Down to the last line, copy the records below without any change.

[Dataset entries]

□ □ □ □ □

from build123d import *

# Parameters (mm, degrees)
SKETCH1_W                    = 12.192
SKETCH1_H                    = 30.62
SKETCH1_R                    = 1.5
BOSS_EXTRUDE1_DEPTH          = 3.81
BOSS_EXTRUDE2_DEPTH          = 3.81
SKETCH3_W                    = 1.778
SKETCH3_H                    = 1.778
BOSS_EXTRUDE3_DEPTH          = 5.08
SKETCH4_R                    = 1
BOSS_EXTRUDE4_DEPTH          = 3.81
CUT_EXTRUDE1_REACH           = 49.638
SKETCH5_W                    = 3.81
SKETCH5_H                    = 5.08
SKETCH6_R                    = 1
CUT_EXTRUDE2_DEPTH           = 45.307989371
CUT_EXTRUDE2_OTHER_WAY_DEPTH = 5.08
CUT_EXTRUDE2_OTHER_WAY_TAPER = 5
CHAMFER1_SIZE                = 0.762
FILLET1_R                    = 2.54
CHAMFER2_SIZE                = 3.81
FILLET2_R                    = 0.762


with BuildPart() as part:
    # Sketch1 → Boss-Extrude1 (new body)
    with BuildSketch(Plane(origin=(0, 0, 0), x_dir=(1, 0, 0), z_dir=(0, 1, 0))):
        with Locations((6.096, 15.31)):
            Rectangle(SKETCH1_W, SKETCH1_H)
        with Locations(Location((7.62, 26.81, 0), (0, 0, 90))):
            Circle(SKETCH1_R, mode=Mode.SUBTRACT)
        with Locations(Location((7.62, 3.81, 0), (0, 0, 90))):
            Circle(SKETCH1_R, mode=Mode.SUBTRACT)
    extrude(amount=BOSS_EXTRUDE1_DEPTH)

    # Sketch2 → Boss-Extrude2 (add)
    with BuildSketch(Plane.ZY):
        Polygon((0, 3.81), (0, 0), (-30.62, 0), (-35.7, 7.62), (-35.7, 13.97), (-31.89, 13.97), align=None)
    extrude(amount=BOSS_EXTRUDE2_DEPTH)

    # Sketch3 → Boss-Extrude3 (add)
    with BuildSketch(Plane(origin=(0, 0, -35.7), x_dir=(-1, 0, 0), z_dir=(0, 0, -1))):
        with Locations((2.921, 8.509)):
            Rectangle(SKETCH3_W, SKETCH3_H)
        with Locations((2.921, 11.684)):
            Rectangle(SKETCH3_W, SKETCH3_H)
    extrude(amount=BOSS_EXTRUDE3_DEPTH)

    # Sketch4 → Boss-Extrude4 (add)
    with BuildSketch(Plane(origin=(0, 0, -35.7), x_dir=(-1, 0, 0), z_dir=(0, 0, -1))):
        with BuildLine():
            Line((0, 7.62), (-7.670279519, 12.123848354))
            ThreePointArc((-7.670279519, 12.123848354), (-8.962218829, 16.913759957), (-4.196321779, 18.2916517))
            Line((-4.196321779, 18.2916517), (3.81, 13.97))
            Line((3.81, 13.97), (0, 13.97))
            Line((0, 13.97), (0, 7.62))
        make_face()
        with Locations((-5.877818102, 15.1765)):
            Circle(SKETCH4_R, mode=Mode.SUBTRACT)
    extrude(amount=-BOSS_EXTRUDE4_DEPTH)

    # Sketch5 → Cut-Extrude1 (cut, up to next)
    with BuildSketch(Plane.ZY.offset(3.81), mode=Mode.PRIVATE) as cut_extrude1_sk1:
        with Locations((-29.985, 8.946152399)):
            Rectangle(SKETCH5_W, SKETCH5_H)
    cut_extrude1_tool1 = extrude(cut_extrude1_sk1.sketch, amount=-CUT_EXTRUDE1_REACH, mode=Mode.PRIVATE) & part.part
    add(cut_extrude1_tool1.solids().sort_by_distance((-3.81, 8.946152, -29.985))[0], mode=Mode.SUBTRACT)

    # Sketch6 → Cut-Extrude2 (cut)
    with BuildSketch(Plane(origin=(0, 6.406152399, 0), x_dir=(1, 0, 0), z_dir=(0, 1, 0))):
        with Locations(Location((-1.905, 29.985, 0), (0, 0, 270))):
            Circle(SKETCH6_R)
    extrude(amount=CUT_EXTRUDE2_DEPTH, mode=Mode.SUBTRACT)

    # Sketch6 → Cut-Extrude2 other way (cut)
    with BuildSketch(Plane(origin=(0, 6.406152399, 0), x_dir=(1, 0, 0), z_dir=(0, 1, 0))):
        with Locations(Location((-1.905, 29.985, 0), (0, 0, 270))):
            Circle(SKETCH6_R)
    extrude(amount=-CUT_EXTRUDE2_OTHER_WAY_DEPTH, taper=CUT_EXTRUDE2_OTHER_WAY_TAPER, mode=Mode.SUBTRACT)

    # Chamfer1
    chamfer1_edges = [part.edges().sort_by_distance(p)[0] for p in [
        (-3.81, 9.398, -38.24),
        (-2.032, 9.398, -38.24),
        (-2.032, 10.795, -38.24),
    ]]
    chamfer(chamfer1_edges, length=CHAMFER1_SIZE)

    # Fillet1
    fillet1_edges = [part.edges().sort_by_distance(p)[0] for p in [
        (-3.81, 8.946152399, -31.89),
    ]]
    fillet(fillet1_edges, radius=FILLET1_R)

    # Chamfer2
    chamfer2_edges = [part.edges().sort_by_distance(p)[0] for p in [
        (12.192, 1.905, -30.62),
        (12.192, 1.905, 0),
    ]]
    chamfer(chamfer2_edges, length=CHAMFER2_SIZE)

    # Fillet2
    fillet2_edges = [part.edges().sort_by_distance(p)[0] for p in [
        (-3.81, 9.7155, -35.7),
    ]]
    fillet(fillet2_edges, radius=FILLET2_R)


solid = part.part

□ □ □ □ □

◆ RESPONSE BELOW
from build123d import *

# Parameters (mm, degrees)
SKETCH1_W                    = 12.192
SKETCH1_H                    = 30.62
SKETCH1_R                    = 1.5
BOSS_EXTRUDE1_DEPTH          = 3.81
BOSS_EXTRUDE2_DEPTH          = 3.81
SKETCH3_W                    = 1.778
SKETCH3_H                    = 1.778
BOSS_EXTRUDE3_DEPTH          = 5.08
SKETCH4_R                    = 1
BOSS_EXTRUDE4_DEPTH          = 3.81
CUT_EXTRUDE1_REACH           = 49.638
SKETCH5_W                    = 3.81
SKETCH5_H                    = 5.08
SKETCH6_R                    = 1
CUT_EXTRUDE2_DEPTH           = 45.307989371
CUT_EXTRUDE2_OTHER_WAY_DEPTH = 5.08
CUT_EXTRUDE2_OTHER_WAY_TAPER = 5
CHAMFER1_SIZE                = 0.762
FILLET1_R                    = 2.54
CHAMFER2_SIZE                = 3.81
FILLET2_R                    = 0.762


with BuildPart() as part:
    # Sketch1 → Boss-Extrude1 (new body)
    with BuildSketch(Plane(origin=(0, 0, 0), x_dir=(1, 0, 0), z_dir=(0, 1, 0))):
        with Locations((6.096, 15.31)):
            Rectangle(SKETCH1_W, SKETCH1_H)
        with Locations(Location((7.62, 26.81, 0), (0, 0, 90))):
            Circle(SKETCH1_R, mode=Mode.SUBTRACT)
        with Locations(Location((7.62, 3.81, 0), (0, 0, 90))):
            Circle(SKETCH1_R, mode=Mode.SUBTRACT)
    extrude(amount=BOSS_EXTRUDE1_DEPTH)

    # Sketch2 → Boss-Extrude2 (add)
    with BuildSketch(Plane.ZY):
        Polygon((0, 3.81), (0, 0), (-30.62, 0), (-35.7, 7.62), (-35.7, 13.97), (-31.89, 13.97), align=None)
    extrude(amount=BOSS_EXTRUDE2_DEPTH)

    # Sketch3 → Boss-Extrude3 (add)
    with BuildSketch(Plane(origin=(0, 0, -35.7), x_dir=(-1, 0, 0), z_dir=(0, 0, -1))):
        with Locations((2.921, 8.509)):
            Rectangle(SKETCH3_W, SKETCH3_H)
        with Locations((2.921, 11.684)):
            Rectangle(SKETCH3_W, SKETCH3_H)
    extrude(amount=BOSS_EXTRUDE3_DEPTH)

    # Sketch4 → Boss-Extrude4 (add)
    with BuildSketch(Plane(origin=(0, 0, -35.7), x_dir=(-1, 0, 0), z_dir=(0, 0, -1))):
        with BuildLine():
            Line((0, 7.62), (-7.670279519, 12.123848354))
            ThreePointArc((-7.670279519, 12.123848354), (-8.962218829, 16.913759957), (-4.196321779, 18.2916517))
            Line((-4.196321779, 18.2916517), (3.81, 13.97))
            Line((3.81, 13.97), (0, 13.97))
            Line((0, 13.97), (0, 7.62))
        make_face()
        with Locations((-5.877818102, 15.1765)):
            Circle(SKETCH4_R, mode=Mode.SUBTRACT)
    extrude(amount=-BOSS_EXTRUDE4_DEPTH)

    # Sketch5 → Cut-Extrude1 (cut, up to next)
    with BuildSketch(Plane.ZY.offset(3.81), mode=Mode.PRIVATE) as cut_extrude1_sk1:
        with Locations((-29.985, 8.946152399)):
            Rectangle(SKETCH5_W, SKETCH5_H)
    cut_extrude1_tool1 = extrude(cut_extrude1_sk1.sketch, amount=-CUT_EXTRUDE1_REACH, mode=Mode.PRIVATE) & part.part
    add(cut_extrude1_tool1.solids().sort_by_distance((-3.81, 8.946152, -29.985))[0], mode=Mode.SUBTRACT)

    # Sketch6 → Cut-Extrude2 (cut)
    with BuildSketch(Plane(origin=(0, 6.406152399, 0), x_dir=(1, 0, 0), z_dir=(0, 1, 0))):
        with Locations(Location((-1.905, 29.985, 0), (0, 0, 270))):
            Circle(SKETCH6_R)
    extrude(amount=CUT_EXTRUDE2_DEPTH, mode=Mode.SUBTRACT)

    # Sketch6 → Cut-Extrude2 other way (cut)
    with BuildSketch(Plane(origin=(0, 6.406152399, 0), x_dir=(1, 0, 0), z_dir=(0, 1, 0))):
        with Locations(Location((-1.905, 29.985, 0), (0, 0, 270))):
            Circle(SKETCH6_R)
    extrude(amount=-CUT_EXTRUDE2_OTHER_WAY_DEPTH, taper=CUT_EXTRUDE2_OTHER_WAY_TAPER, mode=Mode.SUBTRACT)

    # Chamfer1
    chamfer1_edges = [part.edges().sort_by_distance(p)[0] for p in [
        (-3.81, 9.398, -38.24),
        (-2.032, 9.398, -38.24),
        (-2.032, 10.795, -38.24),
    ]]
    chamfer(chamfer1_edges, length=CHAMFER1_SIZE)

    # Fillet1
    fillet1_edges = [part.edges().sort_by_distance(p)[0] for p in [
        (-3.81, 8.946152399, -31.89),
    ]]
    fillet(fillet1_edges, radius=FILLET1_R)

    # Chamfer2
    chamfer2_edges = [part.edges().sort_by_distance(p)[0] for p in [
        (12.192, 1.905, -30.62),
        (12.192, 1.905, 0),
    ]]
    chamfer(chamfer2_edges, length=CHAMFER2_SIZE)

    # Fillet2
    fillet2_edges = [part.edges().sort_by_distance(p)[0] for p in [
        (-3.81, 9.7155, -35.7),
    ]]
    fillet(fillet2_edges, radius=FILLET2_R)


solid = part.part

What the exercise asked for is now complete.